Task prompt ::
Using the records below, quote only the span that opens with the line containing "Its self-contained STEP" and closes with the line containing "#7217 = CARTESIAN_POINT", exactly and inclusively.

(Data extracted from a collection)
————————

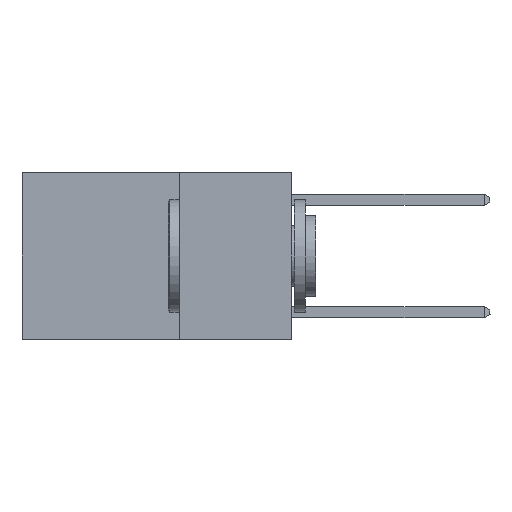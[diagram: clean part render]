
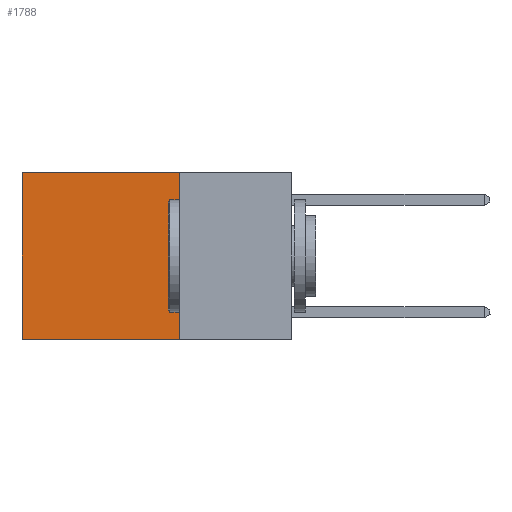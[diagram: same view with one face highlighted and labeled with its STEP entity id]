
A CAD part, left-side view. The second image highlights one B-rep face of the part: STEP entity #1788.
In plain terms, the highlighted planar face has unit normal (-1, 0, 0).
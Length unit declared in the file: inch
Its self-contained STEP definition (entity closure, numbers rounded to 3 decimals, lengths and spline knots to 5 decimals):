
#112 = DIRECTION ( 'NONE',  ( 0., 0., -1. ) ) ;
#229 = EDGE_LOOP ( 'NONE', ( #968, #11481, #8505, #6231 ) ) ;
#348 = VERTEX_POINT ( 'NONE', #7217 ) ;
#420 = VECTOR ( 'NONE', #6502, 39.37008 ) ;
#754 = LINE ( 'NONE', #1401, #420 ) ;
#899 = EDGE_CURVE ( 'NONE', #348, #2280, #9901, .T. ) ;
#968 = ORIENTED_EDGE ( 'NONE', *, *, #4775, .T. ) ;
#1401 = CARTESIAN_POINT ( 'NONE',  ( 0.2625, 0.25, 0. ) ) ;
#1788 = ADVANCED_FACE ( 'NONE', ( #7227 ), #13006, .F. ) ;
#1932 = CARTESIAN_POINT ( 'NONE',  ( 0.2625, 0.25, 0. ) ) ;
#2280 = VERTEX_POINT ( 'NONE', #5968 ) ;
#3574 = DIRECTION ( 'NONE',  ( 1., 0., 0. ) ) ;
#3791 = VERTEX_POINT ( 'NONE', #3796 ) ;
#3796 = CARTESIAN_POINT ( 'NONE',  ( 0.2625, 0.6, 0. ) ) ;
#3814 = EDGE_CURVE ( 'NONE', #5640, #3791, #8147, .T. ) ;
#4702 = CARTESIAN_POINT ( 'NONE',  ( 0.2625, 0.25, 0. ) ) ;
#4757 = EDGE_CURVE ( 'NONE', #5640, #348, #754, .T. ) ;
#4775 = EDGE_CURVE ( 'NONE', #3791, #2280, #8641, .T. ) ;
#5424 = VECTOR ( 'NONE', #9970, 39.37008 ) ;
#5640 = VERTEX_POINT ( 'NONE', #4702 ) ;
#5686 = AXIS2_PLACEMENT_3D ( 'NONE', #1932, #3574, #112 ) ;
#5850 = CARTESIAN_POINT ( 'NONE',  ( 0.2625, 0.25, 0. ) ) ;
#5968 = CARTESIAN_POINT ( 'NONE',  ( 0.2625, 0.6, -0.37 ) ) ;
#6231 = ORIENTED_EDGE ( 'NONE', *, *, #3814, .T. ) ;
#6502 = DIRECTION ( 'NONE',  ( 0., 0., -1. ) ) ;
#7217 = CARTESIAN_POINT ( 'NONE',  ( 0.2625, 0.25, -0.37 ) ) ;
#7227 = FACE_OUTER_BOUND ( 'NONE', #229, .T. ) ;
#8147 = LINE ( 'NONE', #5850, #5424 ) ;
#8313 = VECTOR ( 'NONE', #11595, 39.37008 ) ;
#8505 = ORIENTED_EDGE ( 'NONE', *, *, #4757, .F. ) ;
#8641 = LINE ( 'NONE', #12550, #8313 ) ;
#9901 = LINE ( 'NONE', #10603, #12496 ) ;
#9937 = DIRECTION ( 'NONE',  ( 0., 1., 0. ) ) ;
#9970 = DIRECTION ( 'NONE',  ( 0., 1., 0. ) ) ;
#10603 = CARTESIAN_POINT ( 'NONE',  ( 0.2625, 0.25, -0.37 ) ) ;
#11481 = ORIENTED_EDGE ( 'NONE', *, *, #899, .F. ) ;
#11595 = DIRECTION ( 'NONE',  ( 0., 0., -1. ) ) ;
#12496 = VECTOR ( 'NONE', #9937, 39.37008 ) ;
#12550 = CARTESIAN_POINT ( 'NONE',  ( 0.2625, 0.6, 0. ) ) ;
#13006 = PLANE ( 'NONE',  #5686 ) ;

————————

Completed task ::
Its self-contained STEP definition (entity closure, numbers rounded to 3 decimals, lengths and spline knots to 5 decimals):
#112 = DIRECTION ( 'NONE',  ( 0., 0., -1. ) ) ;
#229 = EDGE_LOOP ( 'NONE', ( #968, #11481, #8505, #6231 ) ) ;
#348 = VERTEX_POINT ( 'NONE', #7217 ) ;
#420 = VECTOR ( 'NONE', #6502, 39.37008 ) ;
#754 = LINE ( 'NONE', #1401, #420 ) ;
#899 = EDGE_CURVE ( 'NONE', #348, #2280, #9901, .T. ) ;
#968 = ORIENTED_EDGE ( 'NONE', *, *, #4775, .T. ) ;
#1401 = CARTESIAN_POINT ( 'NONE',  ( 0.2625, 0.25, 0. ) ) ;
#1788 = ADVANCED_FACE ( 'NONE', ( #7227 ), #13006, .F. ) ;
#1932 = CARTESIAN_POINT ( 'NONE',  ( 0.2625, 0.25, 0. ) ) ;
#2280 = VERTEX_POINT ( 'NONE', #5968 ) ;
#3574 = DIRECTION ( 'NONE',  ( 1., 0., 0. ) ) ;
#3791 = VERTEX_POINT ( 'NONE', #3796 ) ;
#3796 = CARTESIAN_POINT ( 'NONE',  ( 0.2625, 0.6, 0. ) ) ;
#3814 = EDGE_CURVE ( 'NONE', #5640, #3791, #8147, .T. ) ;
#4702 = CARTESIAN_POINT ( 'NONE',  ( 0.2625, 0.25, 0. ) ) ;
#4757 = EDGE_CURVE ( 'NONE', #5640, #348, #754, .T. ) ;
#4775 = EDGE_CURVE ( 'NONE', #3791, #2280, #8641, .T. ) ;
#5424 = VECTOR ( 'NONE', #9970, 39.37008 ) ;
#5640 = VERTEX_POINT ( 'NONE', #4702 ) ;
#5686 = AXIS2_PLACEMENT_3D ( 'NONE', #1932, #3574, #112 ) ;
#5850 = CARTESIAN_POINT ( 'NONE',  ( 0.2625, 0.25, 0. ) ) ;
#5968 = CARTESIAN_POINT ( 'NONE',  ( 0.2625, 0.6, -0.37 ) ) ;
#6231 = ORIENTED_EDGE ( 'NONE', *, *, #3814, .T. ) ;
#6502 = DIRECTION ( 'NONE',  ( 0., 0., -1. ) ) ;
#7217 = CARTESIAN_POINT ( 'NONE',  ( 0.2625, 0.25, -0.37 ) ) ;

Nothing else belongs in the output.